PROCEDURE IN DETAIL: The patient was brought to the operating room after proper identification, confirmation of PARQ. After stabilization by the anesthesiologist, patient was then prepped an draped in normal sterile fashion. Midline incision was made, carried into the abdominal cavity. Upon entry into the abdominal cavity, left upper quadrant was packed iwth lap pads. At that point, the abdomen was then irrigated with copious amounts of normal saline and suctioned clear to clearly identify the spleen which had ruptured.
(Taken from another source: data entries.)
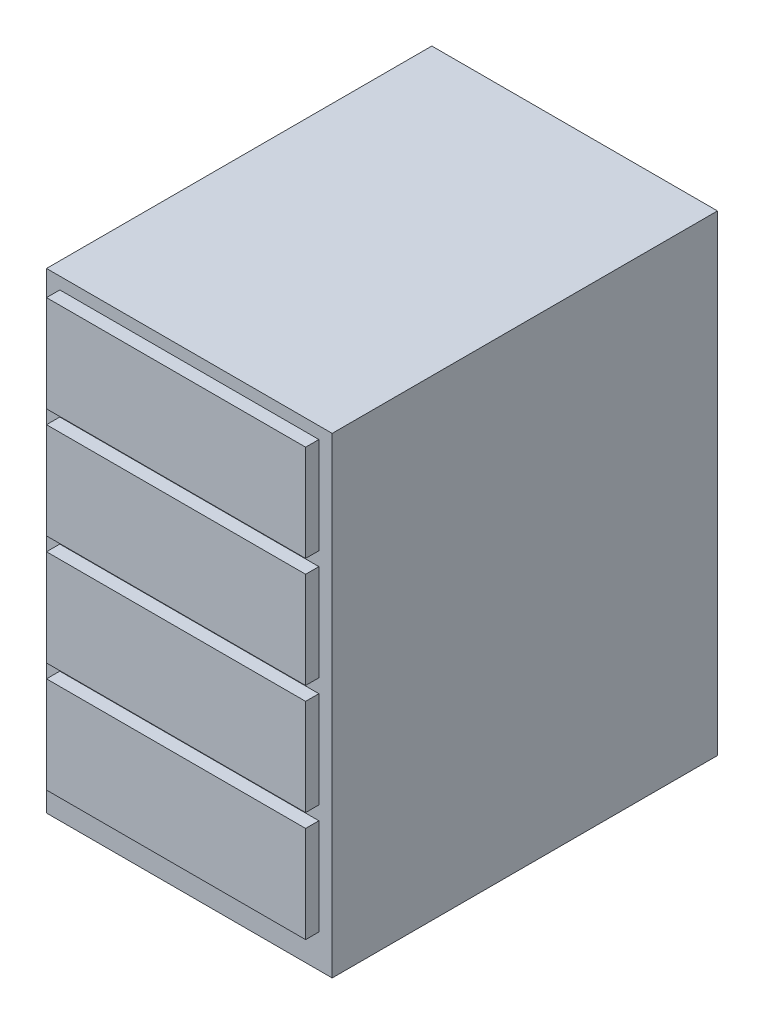
ISO-10303-21;
HEADER;
FILE_DESCRIPTION(('STEP AP214'),'2;1');
FILE_NAME('part.step','',(''),(''),'','','');
FILE_SCHEMA(('AUTOMOTIVE_DESIGN { 1 0 10303 214 1 1 1 1 }'));
ENDSEC;
DATA;
#1=APPLICATION_CONTEXT('core data for automotive mechanical design processes');
#2=APPLICATION_PROTOCOL_DEFINITION('international standard','automotive_design',2000,#1);
#3=PRODUCT_CONTEXT('',#1,'mechanical');
#4=PRODUCT('Part','Part','',(#3));
#5=PRODUCT_RELATED_PRODUCT_CATEGORY('part','',(#4));
#6=PRODUCT_DEFINITION_FORMATION('','',#4);
#7=PRODUCT_DEFINITION_CONTEXT('part definition',#1,'design');
#8=PRODUCT_DEFINITION('design','',#6,#7);
#9=PRODUCT_DEFINITION_SHAPE('','',#8);
#10=(LENGTH_UNIT() NAMED_UNIT(*) SI_UNIT(.MILLI.,.METRE.));
#11=(NAMED_UNIT(*) PLANE_ANGLE_UNIT() SI_UNIT($,.RADIAN.));
#12=(NAMED_UNIT(*) SI_UNIT($,.STERADIAN.) SOLID_ANGLE_UNIT());
#13=UNCERTAINTY_MEASURE_WITH_UNIT(LENGTH_MEASURE(1.E-05),#10,'distance_accuracy_value','');
#14=(GEOMETRIC_REPRESENTATION_CONTEXT(3) GLOBAL_UNCERTAINTY_ASSIGNED_CONTEXT((#13)) GLOBAL_UNIT_ASSIGNED_CONTEXT((#10,
#11,#12)) REPRESENTATION_CONTEXT('',''));
#15=CARTESIAN_POINT('',(0.,0.,0.));
#16=DIRECTION('',(0.,0.,1.));
#17=DIRECTION('',(1.,0.,0.));
#18=AXIS2_PLACEMENT_3D('',#15,#16,#17);
#19=CARTESIAN_POINT('',(0.,0.,580.));
#20=DIRECTION('',(0.,0.,-1.));
#21=DIRECTION('',(-1.,0.,0.));
#22=AXIS2_PLACEMENT_3D('',#19,#20,#21);
#23=PLANE('',#22);
#24=DIRECTION('',(1.,0.,0.));
#25=VECTOR('',#24,1.);
#26=CARTESIAN_POINT('',(20.,547.,580.));
#27=LINE('',#26,#25);
#28=CARTESIAN_POINT('',(20.,547.,580.));
#29=VERTEX_POINT('',#28);
#30=CARTESIAN_POINT('',(410.,547.,580.));
#31=VERTEX_POINT('',#30);
#32=EDGE_CURVE('E190',#29,#31,#27,.T.);
#33=ORIENTED_EDGE('',*,*,#32,.F.);
#34=DIRECTION('',(0.,-1.,0.));
#35=VECTOR('',#34,1.);
#36=CARTESIAN_POINT('',(20.,547.,580.));
#37=LINE('',#36,#35);
#38=CARTESIAN_POINT('',(20.,692.,580.));
#39=VERTEX_POINT('',#38);
#40=EDGE_CURVE('E203',#39,#29,#37,.T.);
#41=ORIENTED_EDGE('',*,*,#40,.F.);
#42=DIRECTION('',(-1.,0.,0.));
#43=VECTOR('',#42,1.);
#44=CARTESIAN_POINT('',(20.,692.,580.));
#45=LINE('',#44,#43);
#46=CARTESIAN_POINT('',(410.,692.,580.));
#47=VERTEX_POINT('',#46);
#48=EDGE_CURVE('E212',#47,#39,#45,.T.);
#49=ORIENTED_EDGE('',*,*,#48,.F.);
#50=DIRECTION('',(0.,1.,0.));
#51=VECTOR('',#50,1.);
#52=CARTESIAN_POINT('',(410.,547.,580.));
#53=LINE('',#52,#51);
#54=EDGE_CURVE('E193',#31,#47,#53,.T.);
#55=ORIENTED_EDGE('',*,*,#54,.F.);
#56=EDGE_LOOP('',(#33,#41,#49,#55));
#57=FACE_BOUND('',#56,.T.);
#58=DIRECTION('',(0.,-1.,0.));
#59=VECTOR('',#58,1.);
#60=CARTESIAN_POINT('',(20.,526.333333333333,580.));
#61=LINE('',#60,#59);
#62=CARTESIAN_POINT('',(20.,526.333333333333,580.));
#63=VERTEX_POINT('',#62);
#64=CARTESIAN_POINT('',(20.,381.333333333333,580.));
#65=VERTEX_POINT('',#64);
#66=EDGE_CURVE('E261',#63,#65,#61,.T.);
#67=ORIENTED_EDGE('',*,*,#66,.F.);
#68=DIRECTION('',(-1.,0.,0.));
#69=VECTOR('',#68,1.);
#70=CARTESIAN_POINT('',(20.,526.333333333333,580.));
#71=LINE('',#70,#69);
#72=CARTESIAN_POINT('',(410.,526.333333333333,580.));
#73=VERTEX_POINT('',#72);
#74=EDGE_CURVE('E266',#73,#63,#71,.T.);
#75=ORIENTED_EDGE('',*,*,#74,.F.);
#76=DIRECTION('',(0.,1.,0.));
#77=VECTOR('',#76,1.);
#78=CARTESIAN_POINT('',(410.,526.333333333333,580.));
#79=LINE('',#78,#77);
#80=CARTESIAN_POINT('',(410.,381.333333333333,580.));
#81=VERTEX_POINT('',#80);
#82=EDGE_CURVE('E278',#81,#73,#79,.T.);
#83=ORIENTED_EDGE('',*,*,#82,.F.);
#84=DIRECTION('',(1.,0.,0.));
#85=VECTOR('',#84,1.);
#86=CARTESIAN_POINT('',(20.,381.333333333333,580.));
#87=LINE('',#86,#85);
#88=EDGE_CURVE('E275',#65,#81,#87,.T.);
#89=ORIENTED_EDGE('',*,*,#88,.F.);
#90=EDGE_LOOP('',(#67,#75,#83,#89));
#91=FACE_BOUND('',#90,.T.);
#92=DIRECTION('',(0.,-1.,0.));
#93=VECTOR('',#92,1.);
#94=CARTESIAN_POINT('',(0.,0.,580.));
#95=LINE('',#94,#93);
#96=CARTESIAN_POINT('',(0.,710.,580.));
#97=VERTEX_POINT('',#96);
#98=CARTESIAN_POINT('',(0.,0.,580.));
#99=VERTEX_POINT('',#98);
#100=EDGE_CURVE('E295',#97,#99,#95,.T.);
#101=ORIENTED_EDGE('',*,*,#100,.T.);
#102=DIRECTION('',(1.,0.,0.));
#103=VECTOR('',#102,1.);
#104=CARTESIAN_POINT('',(0.,0.,580.));
#105=LINE('',#104,#103);
#106=CARTESIAN_POINT('',(430.,0.,580.));
#107=VERTEX_POINT('',#106);
#108=EDGE_CURVE('E298',#99,#107,#105,.T.);
#109=ORIENTED_EDGE('',*,*,#108,.T.);
#110=DIRECTION('',(0.,1.,0.));
#111=VECTOR('',#110,1.);
#112=CARTESIAN_POINT('',(430.,0.,580.));
#113=LINE('',#112,#111);
#114=CARTESIAN_POINT('',(430.,710.,580.));
#115=VERTEX_POINT('',#114);
#116=EDGE_CURVE('E301',#107,#115,#113,.T.);
#117=ORIENTED_EDGE('',*,*,#116,.T.);
#118=DIRECTION('',(-1.,0.,0.));
#119=VECTOR('',#118,1.);
#120=CARTESIAN_POINT('',(0.,710.,580.));
#121=LINE('',#120,#119);
#122=EDGE_CURVE('E303',#115,#97,#121,.T.);
#123=ORIENTED_EDGE('',*,*,#122,.T.);
#124=EDGE_LOOP('',(#101,#109,#117,#123));
#125=FACE_BOUND('',#124,.T.);
#126=DIRECTION('',(0.,-1.,0.));
#127=VECTOR('',#126,1.);
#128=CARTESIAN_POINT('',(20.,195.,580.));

It was clear that the spleen would not be salvageable since it was split down the middle, and the capsule was completely torn off. We then isolated the splenic hilum with 2 clamps. The end organ was removed, and then the splenic pedicle was then suture ligated with interrupted 0 silk suture. The abdomen was then irrigated with copious amounts of normal saline and suctioned clear. The left upper quadrant and the splenic region was inspected for hemostasis, which was well controlled. The abdomen was then explored. Due to his previous known abdominal pain, the small bowel was ran from the ligament of Treitz to the terminal ileum. We clearly identified a small bowel lesion which appeared to be a mass. It was likely the cause of his abdominal pain. Thus, a segmental resection was done. This was done by taking a wedge resection out of the mesentery with clear margins on either side of the lesion. The mesentery was then divided between Pean clamps. The proximal, distal bowel was divided with a GIA stapler, and then the specimen was removed from the table. The bowel was then reconnected by performing a side-to-side stapled end-to-end anastomosis with a GIA-75 stapler. The anastomosis was reinforced with interrupted 3-0 silkds as was the running 3-0 Vicryl. The abdomen was then irrigated with copious amounts of normal saline. The anastomosis was inspected for any signs of any vascular compromise which there was none. The abdomen was then further inspected for hemostasis, which was well controlled and the decision was made to close.


----------



## bsurovick (Mar 19, 2009)

hey there!  i bill general surgery as well, and i spoke with another gal on my team and we say go with the 38100 and the 44120.  you shouldn't (shouldn't being the operative term!!) have to modify b/c 38100 states to list as a seperate procedure.

Good Luck!

Bridget


----------



## Jarts (Mar 19, 2009)

Bridget, 
THANKS for your input!!

Julie


----------



## FTessaBartels (Mar 20, 2009)

*38102*

I'm not an expert in this, but ...

38102 is an add-on code that specifically is intended to be used when there is a need for a total excision of the spleen, *in conjunction with another procedure*. 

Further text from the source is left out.